→ Directions for this task: For this exercise, reproduce the entries below exactly, but only from the line containing "C21: 2.2uF; C_1210_3225Metric_Pad1.33x2.70mm_HandSolder" through the line containing "J1: isoSPI Daisy", both included.
..............................
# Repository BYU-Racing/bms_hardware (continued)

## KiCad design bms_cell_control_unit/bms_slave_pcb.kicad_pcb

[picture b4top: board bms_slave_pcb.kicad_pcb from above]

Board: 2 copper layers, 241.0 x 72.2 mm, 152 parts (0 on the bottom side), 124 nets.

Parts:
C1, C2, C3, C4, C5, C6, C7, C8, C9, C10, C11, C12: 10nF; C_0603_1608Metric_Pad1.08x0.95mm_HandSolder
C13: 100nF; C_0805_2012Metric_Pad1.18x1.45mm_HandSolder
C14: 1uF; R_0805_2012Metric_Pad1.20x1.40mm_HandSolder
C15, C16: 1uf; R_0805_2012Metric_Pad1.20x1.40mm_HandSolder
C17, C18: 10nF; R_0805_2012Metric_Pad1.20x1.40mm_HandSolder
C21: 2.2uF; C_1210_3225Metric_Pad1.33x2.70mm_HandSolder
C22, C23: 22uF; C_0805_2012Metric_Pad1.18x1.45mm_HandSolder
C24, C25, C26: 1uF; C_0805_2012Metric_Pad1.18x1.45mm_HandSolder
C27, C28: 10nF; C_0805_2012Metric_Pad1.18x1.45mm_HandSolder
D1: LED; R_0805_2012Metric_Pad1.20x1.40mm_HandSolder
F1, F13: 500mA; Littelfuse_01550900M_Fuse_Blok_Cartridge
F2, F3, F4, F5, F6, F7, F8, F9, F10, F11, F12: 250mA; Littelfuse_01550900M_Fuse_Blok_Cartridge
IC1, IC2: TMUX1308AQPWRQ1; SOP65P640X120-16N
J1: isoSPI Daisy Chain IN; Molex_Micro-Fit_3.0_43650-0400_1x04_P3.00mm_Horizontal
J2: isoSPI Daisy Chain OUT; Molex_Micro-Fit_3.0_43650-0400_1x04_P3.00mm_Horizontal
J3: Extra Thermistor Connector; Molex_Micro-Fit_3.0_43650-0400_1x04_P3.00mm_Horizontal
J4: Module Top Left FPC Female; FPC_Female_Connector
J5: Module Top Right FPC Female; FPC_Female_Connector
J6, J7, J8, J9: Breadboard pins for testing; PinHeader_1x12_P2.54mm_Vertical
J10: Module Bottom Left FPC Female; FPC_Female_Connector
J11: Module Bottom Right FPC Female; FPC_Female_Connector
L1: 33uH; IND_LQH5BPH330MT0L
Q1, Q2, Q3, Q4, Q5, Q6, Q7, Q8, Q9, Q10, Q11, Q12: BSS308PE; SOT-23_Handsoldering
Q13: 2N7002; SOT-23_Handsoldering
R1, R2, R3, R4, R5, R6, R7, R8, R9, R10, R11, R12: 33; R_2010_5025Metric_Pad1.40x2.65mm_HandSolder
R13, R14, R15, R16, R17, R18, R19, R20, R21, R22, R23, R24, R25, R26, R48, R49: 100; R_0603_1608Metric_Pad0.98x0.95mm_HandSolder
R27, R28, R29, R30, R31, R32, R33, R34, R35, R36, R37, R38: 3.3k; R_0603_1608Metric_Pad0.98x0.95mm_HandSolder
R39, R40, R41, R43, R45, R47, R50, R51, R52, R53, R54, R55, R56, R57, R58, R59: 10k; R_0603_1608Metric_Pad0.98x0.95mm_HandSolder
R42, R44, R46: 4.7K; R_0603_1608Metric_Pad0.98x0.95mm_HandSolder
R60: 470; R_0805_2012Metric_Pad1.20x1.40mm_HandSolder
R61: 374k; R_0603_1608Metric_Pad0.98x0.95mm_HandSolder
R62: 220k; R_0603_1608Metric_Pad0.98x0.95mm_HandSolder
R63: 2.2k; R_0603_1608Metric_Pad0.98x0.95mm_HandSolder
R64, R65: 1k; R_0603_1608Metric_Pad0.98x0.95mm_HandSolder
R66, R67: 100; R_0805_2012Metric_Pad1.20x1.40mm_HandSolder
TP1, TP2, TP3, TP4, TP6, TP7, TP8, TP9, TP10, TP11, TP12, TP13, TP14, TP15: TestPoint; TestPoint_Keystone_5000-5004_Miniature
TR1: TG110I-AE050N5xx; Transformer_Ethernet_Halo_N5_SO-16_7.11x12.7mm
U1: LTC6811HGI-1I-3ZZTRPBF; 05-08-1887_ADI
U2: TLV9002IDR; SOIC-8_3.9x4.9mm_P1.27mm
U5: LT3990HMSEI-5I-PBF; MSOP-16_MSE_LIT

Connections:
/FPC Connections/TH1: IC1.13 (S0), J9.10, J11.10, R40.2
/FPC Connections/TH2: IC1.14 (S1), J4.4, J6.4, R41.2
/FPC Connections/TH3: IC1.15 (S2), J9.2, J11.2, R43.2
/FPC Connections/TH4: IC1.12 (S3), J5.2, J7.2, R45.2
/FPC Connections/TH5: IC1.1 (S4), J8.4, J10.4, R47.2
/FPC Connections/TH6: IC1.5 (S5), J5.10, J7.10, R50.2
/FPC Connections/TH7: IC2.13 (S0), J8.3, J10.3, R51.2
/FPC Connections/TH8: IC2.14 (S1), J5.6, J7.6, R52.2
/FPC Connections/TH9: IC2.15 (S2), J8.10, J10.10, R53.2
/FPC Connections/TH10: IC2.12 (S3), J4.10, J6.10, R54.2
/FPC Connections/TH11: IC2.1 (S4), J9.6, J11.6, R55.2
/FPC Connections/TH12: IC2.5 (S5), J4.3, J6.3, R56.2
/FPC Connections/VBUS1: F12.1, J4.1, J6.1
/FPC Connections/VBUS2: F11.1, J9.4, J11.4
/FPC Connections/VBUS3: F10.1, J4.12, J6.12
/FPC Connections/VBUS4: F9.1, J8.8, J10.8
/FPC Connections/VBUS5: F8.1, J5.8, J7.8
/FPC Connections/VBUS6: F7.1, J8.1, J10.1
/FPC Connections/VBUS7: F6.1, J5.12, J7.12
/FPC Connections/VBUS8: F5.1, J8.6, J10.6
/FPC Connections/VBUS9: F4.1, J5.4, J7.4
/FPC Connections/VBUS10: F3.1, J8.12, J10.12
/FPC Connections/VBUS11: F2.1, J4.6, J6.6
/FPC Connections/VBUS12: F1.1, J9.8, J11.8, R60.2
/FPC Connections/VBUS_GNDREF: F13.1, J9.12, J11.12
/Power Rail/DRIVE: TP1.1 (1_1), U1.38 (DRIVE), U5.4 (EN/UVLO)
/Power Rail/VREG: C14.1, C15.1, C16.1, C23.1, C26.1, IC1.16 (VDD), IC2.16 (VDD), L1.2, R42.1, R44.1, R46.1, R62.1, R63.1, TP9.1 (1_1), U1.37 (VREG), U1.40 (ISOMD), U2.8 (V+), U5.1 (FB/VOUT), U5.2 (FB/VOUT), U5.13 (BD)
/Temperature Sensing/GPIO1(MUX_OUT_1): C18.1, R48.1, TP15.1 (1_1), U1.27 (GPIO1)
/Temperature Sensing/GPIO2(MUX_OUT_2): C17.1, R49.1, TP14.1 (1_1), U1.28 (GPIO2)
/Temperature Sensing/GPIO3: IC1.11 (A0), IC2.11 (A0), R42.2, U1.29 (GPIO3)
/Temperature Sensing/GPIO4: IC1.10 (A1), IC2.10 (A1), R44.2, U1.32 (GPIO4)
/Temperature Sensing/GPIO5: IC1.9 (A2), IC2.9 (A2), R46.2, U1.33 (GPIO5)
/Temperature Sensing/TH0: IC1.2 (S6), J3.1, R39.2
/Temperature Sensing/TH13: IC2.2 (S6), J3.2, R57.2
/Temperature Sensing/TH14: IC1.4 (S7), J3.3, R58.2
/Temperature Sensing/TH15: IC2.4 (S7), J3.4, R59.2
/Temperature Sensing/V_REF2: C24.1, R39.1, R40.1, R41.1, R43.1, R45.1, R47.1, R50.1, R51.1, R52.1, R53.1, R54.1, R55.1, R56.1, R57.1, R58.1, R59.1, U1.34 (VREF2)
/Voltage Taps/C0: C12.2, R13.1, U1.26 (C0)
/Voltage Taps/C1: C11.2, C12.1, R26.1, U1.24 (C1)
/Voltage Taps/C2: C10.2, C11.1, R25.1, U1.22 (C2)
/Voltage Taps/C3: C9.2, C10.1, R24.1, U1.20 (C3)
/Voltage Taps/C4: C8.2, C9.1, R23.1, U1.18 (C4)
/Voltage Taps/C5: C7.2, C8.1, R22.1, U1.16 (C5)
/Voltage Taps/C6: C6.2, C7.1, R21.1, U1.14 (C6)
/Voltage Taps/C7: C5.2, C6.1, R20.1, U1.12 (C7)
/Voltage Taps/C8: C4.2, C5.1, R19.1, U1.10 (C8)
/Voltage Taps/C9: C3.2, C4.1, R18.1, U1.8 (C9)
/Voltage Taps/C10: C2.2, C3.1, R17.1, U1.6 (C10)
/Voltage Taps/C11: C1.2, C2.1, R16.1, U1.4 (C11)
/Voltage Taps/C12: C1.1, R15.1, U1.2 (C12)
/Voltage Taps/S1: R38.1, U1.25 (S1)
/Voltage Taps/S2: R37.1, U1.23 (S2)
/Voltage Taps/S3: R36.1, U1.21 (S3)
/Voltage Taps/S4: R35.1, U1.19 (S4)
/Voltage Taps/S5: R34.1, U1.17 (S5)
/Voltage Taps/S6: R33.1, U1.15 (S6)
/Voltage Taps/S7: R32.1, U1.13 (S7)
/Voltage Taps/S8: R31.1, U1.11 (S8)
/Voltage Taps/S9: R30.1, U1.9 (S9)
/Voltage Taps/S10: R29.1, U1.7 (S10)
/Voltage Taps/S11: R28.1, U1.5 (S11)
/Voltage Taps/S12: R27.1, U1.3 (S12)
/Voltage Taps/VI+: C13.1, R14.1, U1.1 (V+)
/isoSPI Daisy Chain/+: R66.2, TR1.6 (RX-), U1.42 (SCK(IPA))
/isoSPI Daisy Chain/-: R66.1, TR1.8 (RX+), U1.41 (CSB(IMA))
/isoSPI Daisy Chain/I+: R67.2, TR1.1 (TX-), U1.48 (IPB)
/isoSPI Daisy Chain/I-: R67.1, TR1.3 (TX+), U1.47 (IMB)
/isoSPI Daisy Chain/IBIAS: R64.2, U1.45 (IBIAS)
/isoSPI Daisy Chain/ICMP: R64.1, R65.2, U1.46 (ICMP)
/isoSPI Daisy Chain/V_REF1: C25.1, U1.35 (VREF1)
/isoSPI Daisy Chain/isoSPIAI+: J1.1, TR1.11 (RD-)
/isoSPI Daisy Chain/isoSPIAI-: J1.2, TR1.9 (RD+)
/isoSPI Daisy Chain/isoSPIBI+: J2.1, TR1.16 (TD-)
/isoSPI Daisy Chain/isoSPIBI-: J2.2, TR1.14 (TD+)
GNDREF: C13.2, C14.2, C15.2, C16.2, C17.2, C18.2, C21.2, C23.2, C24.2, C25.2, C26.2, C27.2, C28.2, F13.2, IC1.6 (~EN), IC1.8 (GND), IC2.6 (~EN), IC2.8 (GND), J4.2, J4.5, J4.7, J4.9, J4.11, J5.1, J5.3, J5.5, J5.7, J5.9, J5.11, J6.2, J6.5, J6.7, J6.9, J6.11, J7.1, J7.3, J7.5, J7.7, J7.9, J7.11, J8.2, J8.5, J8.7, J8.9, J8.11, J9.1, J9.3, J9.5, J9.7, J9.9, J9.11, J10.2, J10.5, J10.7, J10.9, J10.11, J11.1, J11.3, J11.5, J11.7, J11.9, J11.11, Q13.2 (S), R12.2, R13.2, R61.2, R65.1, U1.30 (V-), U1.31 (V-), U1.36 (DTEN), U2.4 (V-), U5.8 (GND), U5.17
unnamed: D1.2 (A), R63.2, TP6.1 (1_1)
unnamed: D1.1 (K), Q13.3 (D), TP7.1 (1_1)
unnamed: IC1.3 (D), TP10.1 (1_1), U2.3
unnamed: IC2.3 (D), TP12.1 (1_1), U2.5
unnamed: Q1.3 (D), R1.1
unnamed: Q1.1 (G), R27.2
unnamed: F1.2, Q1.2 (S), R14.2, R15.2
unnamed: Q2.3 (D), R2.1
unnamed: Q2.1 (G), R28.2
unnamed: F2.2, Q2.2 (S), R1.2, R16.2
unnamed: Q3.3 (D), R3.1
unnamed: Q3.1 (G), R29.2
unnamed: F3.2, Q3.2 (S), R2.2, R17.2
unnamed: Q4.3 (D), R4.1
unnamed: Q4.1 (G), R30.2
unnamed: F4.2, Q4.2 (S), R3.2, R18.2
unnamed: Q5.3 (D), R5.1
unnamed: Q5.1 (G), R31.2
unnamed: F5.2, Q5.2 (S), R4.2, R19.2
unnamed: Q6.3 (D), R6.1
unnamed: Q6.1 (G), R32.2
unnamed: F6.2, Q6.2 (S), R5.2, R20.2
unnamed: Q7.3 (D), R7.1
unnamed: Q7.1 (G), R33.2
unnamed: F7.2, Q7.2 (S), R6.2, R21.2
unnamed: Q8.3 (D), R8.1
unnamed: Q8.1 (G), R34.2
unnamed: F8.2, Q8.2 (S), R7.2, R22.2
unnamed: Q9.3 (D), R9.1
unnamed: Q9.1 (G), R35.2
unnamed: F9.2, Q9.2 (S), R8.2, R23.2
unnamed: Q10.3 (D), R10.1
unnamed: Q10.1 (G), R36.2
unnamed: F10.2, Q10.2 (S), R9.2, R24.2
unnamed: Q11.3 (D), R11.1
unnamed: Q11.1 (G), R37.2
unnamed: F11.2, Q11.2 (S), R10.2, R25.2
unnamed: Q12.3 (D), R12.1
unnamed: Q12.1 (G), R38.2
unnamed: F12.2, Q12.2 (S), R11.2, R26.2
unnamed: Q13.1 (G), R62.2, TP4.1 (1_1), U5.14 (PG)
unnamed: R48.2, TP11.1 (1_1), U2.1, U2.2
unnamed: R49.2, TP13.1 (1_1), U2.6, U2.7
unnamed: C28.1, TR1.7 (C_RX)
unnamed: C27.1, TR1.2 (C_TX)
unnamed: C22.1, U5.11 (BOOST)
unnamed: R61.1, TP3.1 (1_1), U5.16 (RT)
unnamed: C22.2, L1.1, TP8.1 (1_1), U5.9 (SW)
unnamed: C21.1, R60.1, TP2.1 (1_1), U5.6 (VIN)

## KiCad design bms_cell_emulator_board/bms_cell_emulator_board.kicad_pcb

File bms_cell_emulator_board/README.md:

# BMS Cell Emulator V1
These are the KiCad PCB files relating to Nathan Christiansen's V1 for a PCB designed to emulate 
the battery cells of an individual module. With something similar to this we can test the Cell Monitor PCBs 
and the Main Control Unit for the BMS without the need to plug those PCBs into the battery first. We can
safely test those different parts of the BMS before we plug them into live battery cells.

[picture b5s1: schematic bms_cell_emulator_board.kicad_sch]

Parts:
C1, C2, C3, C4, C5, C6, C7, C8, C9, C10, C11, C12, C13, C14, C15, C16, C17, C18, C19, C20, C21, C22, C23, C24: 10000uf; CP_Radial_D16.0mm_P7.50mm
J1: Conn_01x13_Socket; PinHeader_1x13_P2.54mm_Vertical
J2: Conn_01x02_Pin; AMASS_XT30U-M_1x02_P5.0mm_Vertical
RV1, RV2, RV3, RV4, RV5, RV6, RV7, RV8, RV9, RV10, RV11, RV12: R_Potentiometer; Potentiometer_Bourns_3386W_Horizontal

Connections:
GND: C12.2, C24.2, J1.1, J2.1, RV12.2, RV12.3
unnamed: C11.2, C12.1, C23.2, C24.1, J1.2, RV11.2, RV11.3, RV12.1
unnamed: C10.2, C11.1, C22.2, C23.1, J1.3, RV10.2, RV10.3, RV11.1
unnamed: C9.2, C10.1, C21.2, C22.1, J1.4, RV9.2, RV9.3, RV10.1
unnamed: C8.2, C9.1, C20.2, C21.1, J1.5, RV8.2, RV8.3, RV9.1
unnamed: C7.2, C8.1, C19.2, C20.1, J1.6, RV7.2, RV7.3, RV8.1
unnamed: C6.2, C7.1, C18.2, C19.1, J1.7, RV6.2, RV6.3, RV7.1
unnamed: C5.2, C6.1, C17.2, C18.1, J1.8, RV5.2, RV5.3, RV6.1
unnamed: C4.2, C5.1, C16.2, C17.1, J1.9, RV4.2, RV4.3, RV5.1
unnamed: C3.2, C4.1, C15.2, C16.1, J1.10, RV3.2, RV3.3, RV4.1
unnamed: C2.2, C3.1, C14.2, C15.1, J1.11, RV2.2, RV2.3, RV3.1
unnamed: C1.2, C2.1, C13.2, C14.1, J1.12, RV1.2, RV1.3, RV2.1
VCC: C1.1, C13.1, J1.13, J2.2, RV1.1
..............................
→ Result of the task:
C21: 2.2uF; C_1210_3225Metric_Pad1.33x2.70mm_HandSolder
C22, C23: 22uF; C_0805_2012Metric_Pad1.18x1.45mm_HandSolder
C24, C25, C26: 1uF; C_0805_2012Metric_Pad1.18x1.45mm_HandSolder
C27, C28: 10nF; C_0805_2012Metric_Pad1.18x1.45mm_HandSolder
D1: LED; R_0805_2012Metric_Pad1.20x1.40mm_HandSolder
F1, F13: 500mA; Littelfuse_01550900M_Fuse_Blok_Cartridge
F2, F3, F4, F5, F6, F7, F8, F9, F10, F11, F12: 250mA; Littelfuse_01550900M_Fuse_Blok_Cartridge
IC1, IC2: TMUX1308AQPWRQ1; SOP65P640X120-16N
J1: isoSPI Daisy Chain IN; Molex_Micro-Fit_3.0_43650-0400_1x04_P3.00mm_Horizontal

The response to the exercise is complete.